On rare non-specific recombination, the viral genome can be integrated in host chromosome. This inactivates the integrated virus but can gives the host cell a replicative advantage sometimes leading to malignant tumours.

GENE EXPRESSION

Only one strand of the genome is transcribed and yield two classes of proteins expressed by alternative splicing :
a) Early Proteins: non-structural regulatory proteins (E1-E7).
b) Late Proteins: the structural proteins L1 and L2. E7 can be expressed by leaky scanning from the E6 mRNA.

REPLICATION

NUCLEAR

Replication is divided in two distinct steps that are linked to the differentiation state of the host epithelial cell:

a) The plasmid replication takes place in the basal squamous epithelial cells. It corresponds to viral DNA replication in synchrony with the host cell chromosome in order to ensures an average of one viral genome per basal cell.

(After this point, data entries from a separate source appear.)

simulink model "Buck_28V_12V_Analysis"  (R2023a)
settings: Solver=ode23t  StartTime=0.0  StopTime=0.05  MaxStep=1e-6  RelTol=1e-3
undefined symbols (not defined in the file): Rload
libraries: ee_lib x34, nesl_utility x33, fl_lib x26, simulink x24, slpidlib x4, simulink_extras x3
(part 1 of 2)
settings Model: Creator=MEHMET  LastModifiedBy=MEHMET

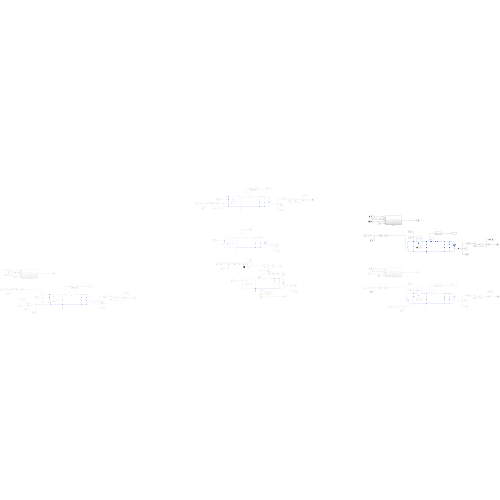
[thumbnail: Simulink's stored preview of the top-level diagram]
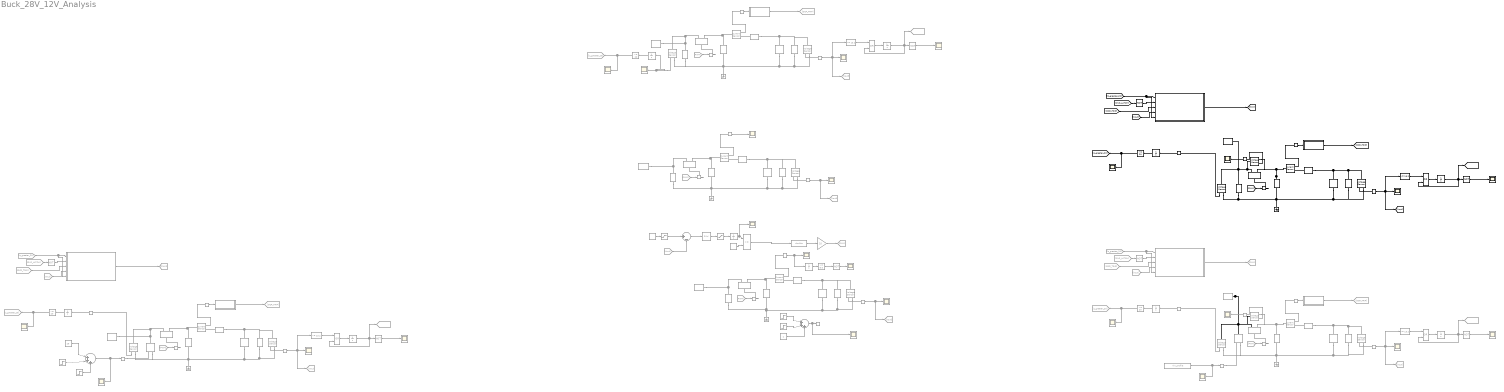
== system Buck_28V_12V_Analysis ==
  Capacitor{,1..3} (4 alike) : ee_lib/Passive/Capacitor  Commented=on  cap_option=ee.enum.passive.capacitor.capOption.const  c=220 uF  Cvec=[1e-05, 1e-06] F  Vvec=[0, 10] V  CV_table_symmetry=ee.enum.passive.capacitor.tableSymmetry.yes  f_vec=[1, 10] kHz  DFext_vec=[.8, 1.2]  enable_C_tol=ee.enum.toleranceApplication.none  averaging_period=0 s  C_tol=5  tol_distribution=ee.enum.toleranceDistribution.uniform  nSigma=4  r=1e-6 Ohm  g=0 1/Ohm  enable_operating_limits=ee.enum.enable.no  enable_faults=ee.enum.enable.no  fault_action=simscape.enum.assert.action.none  Cscale_faulted=100  R_faulted=1e-3 Ohm  G_faulted=0 1/Ohm  tau_fault=1e-3 s  fault_trigger=ee.enum.faults.faultTrigger.temporal  t_fault=1 s  max_permissible_voltage_range=[-100, 100] V  t_fail_on_voltage=1 s  operating_limit_action=ee.enum.passive.reportOpLim.warn  max_working_voltage_range=[-25, 25] V  power_rating=1 W  i_specify=off  i_priority=None  i=0 A  i_nominal_specify=off  i_nominal_unit=A  i_nominal_value=1  v_specify=off  v_priority=None  v=0 V  v_nominal_specify=off  v_nominal_unit=V  v_nominal_value=1  vc_specify=off  vc_priority=High  vc=0 V  vc_nominal_specify=off  vc_nominal_unit=V  vc_nominal_value=1
  Capacitor4 : ee_lib/Passive/Capacitor  cap_option=ee.enum.passive.capacitor.capOption.const  c=220 uF  Cvec=[1e-05, 1e-06] F  Vvec=[0, 10] V  CV_table_symmetry=ee.enum.passive.capacitor.tableSymmetry.yes  f_vec=[1, 10] kHz  DFext_vec=[.8, 1.2]  enable_C_tol=ee.enum.toleranceApplication.none  averaging_period=0 s  C_tol=5  tol_distribution=ee.enum.toleranceDistribution.uniform  nSigma=4  r=1e-6 Ohm  g=0 1/Ohm  enable_operating_limits=ee.enum.enable.no  enable_faults=ee.enum.enable.no  fault_action=simscape.enum.assert.action.none  Cscale_faulted=100  R_faulted=1e-3 Ohm  G_faulted=0 1/Ohm  tau_fault=1e-3 s  fault_trigger=ee.enum.faults.faultTrigger.temporal  t_fault=1 s  max_permissible_voltage_range=[-100, 100] V  t_fail_on_voltage=1 s  operating_limit_action=ee.enum.passive.reportOpLim.warn  max_working_voltage_range=[-25, 25] V  power_rating=1 W  i_specify=off  i_priority=None  i=0 A  i_nominal_specify=off  i_nominal_unit=A  i_nominal_value=1  v_specify=off  v_priority=None  v=0 V  v_nominal_specify=off  v_nominal_unit=V  v_nominal_value=1  vc_specify=off  vc_priority=High  vc=0 V  vc_nominal_specify=off  vc_nominal_unit=V  vc_nominal_value=1
  Capacitor5 : ee_lib/Passive/Capacitor  Commented=on  cap_option=ee.enum.passive.capacitor.capOption.const  c=C_test F  Cvec=[1e-05, 1e-06] F  Vvec=[0, 10] V  CV_table_symmetry=ee.enum.passive.capacitor.tableSymmetry.yes  f_vec=[1, 10] kHz  DFext_vec=[.8, 1.2]  enable_C_tol=ee.enum.toleranceApplication.none  averaging_period=0 s  C_tol=5  tol_distribution=ee.enum.toleranceDistribution.uniform  nSigma=4  r=ESR_test Ohm  g=0 1/Ohm  enable_operating_limits=ee.enum.enable.no  enable_faults=ee.enum.enable.no  fault_action=simscape.enum.assert.action.none  Cscale_faulted=100  R_faulted=1e-3 Ohm  G_faulted=0 1/Ohm  tau_fault=1e-3 s  fault_trigger=ee.enum.faults.faultTrigger.temporal  t_fault=1 s  max_permissible_voltage_range=[-100, 100] V  t_fail_on_voltage=1 s  operating_limit_action=ee.enum.passive.reportOpLim.warn  max_working_voltage_range=[-25, 25] V  power_rating=1 W  i_specify=off  i_priority=None  i=0 A  i_nominal_specify=off  i_nominal_unit=A  i_nominal_value=1  v_specify=off  v_priority=None  v=0 V  v_nominal_specify=off  v_nominal_unit=V  v_nominal_value=1  vc_specify=off  vc_priority=High  vc=0 V  vc_nominal_specify=off  vc_nominal_unit=V  vc_nominal_value=1
  Compare : Scope  Commented=on
  Compare To Constant : simulink/Logic and Bit Operations/Compare To Constant  Commented=on  relop=>=  const=6.0  OutDataTypeStr=boolean  ZeroCross=off
  Compare To Constant1 : simulink/Logic and Bit Operations/Compare To Constant  Commented=on  relop=>=  const=13.2  OutDataTypeStr=boolean  ZeroCross=off
  Compare To Constant2 : simulink/Logic and Bit Operations/Compare To Constant  Commented=on  relop=>=  const=20  OutDataTypeStr=boolean  ZeroCross=off
  Compare To Constant3 : simulink/Logic and Bit Operations/Compare To Constant  Commented=on  relop=>=  const=13.2  OutDataTypeStr=boolean  ZeroCross=off
  Compare To Constant4 : simulink/Logic and Bit Operations/Compare To Constant  Commented=on  relop=>=  const=20  OutDataTypeStr=boolean  ZeroCross=off
  Compare To Constant5 : simulink/Logic and Bit Operations/Compare To Constant  relop=>=  const=13.2  OutDataTypeStr=boolean  ZeroCross=off
  Compare To Constant6 : simulink/Logic and Bit Operations/Compare To Constant  relop=>=  const=20  OutDataTypeStr=boolean  ZeroCross=off
  Compare To Constant7 : simulink/Logic and Bit Operations/Compare To Constant  Commented=on  relop=>=  const=13.2  OutDataTypeStr=boolean  ZeroCross=off
  Compare To Constant8 : simulink/Logic and Bit Operations/Compare To Constant  Commented=on  relop=>=  const=20  OutDataTypeStr=boolean  ZeroCross=off
  Constant : Constant  Commented=on  Value=28
  Constant1 : Constant  Commented=on
  Controlled Voltage Source : fl_lib/Electrical/Electrical Sources/Controlled Voltage Source  Commented=on
  Controlled Voltage Source1 : fl_lib/Electrical/Electrical Sources/Controlled Voltage Source  Commented=on
  Current Sensor{,1..3,5} (5 alike) : fl_lib/Electrical/Electrical Sensors/Current Sensor  Commented=on
  Current Sensor4 : fl_lib/Electrical/Electrical Sensors/Current Sensor
  Current_Scope : Scope  Commented=on
  Current_Scope1 : Scope  Commented=on
  Current_is_greater_6A : Subsystem  Commented=on
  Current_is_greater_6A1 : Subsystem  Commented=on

  1. Attachment of the viral proteins to host receptors mediates endocytosis into vesicles in the basal squamous epithelial cell.
  2. Transport to the nucleus and uncoating of the viral DNA.
  3. Early-region transcription and translation of the early proteins.
  4. Steady-state viral DNA nuclear replication. Requires the origin of DNA replication in cis and the viral E1 and E2 proteins in trans.

b) The vegetative replication, which occurs in differentiated keratinocytes. In these cells, which no longer undergo cellular DNA synthesis, there is a burst of viral DNA synthesis with active production of virions.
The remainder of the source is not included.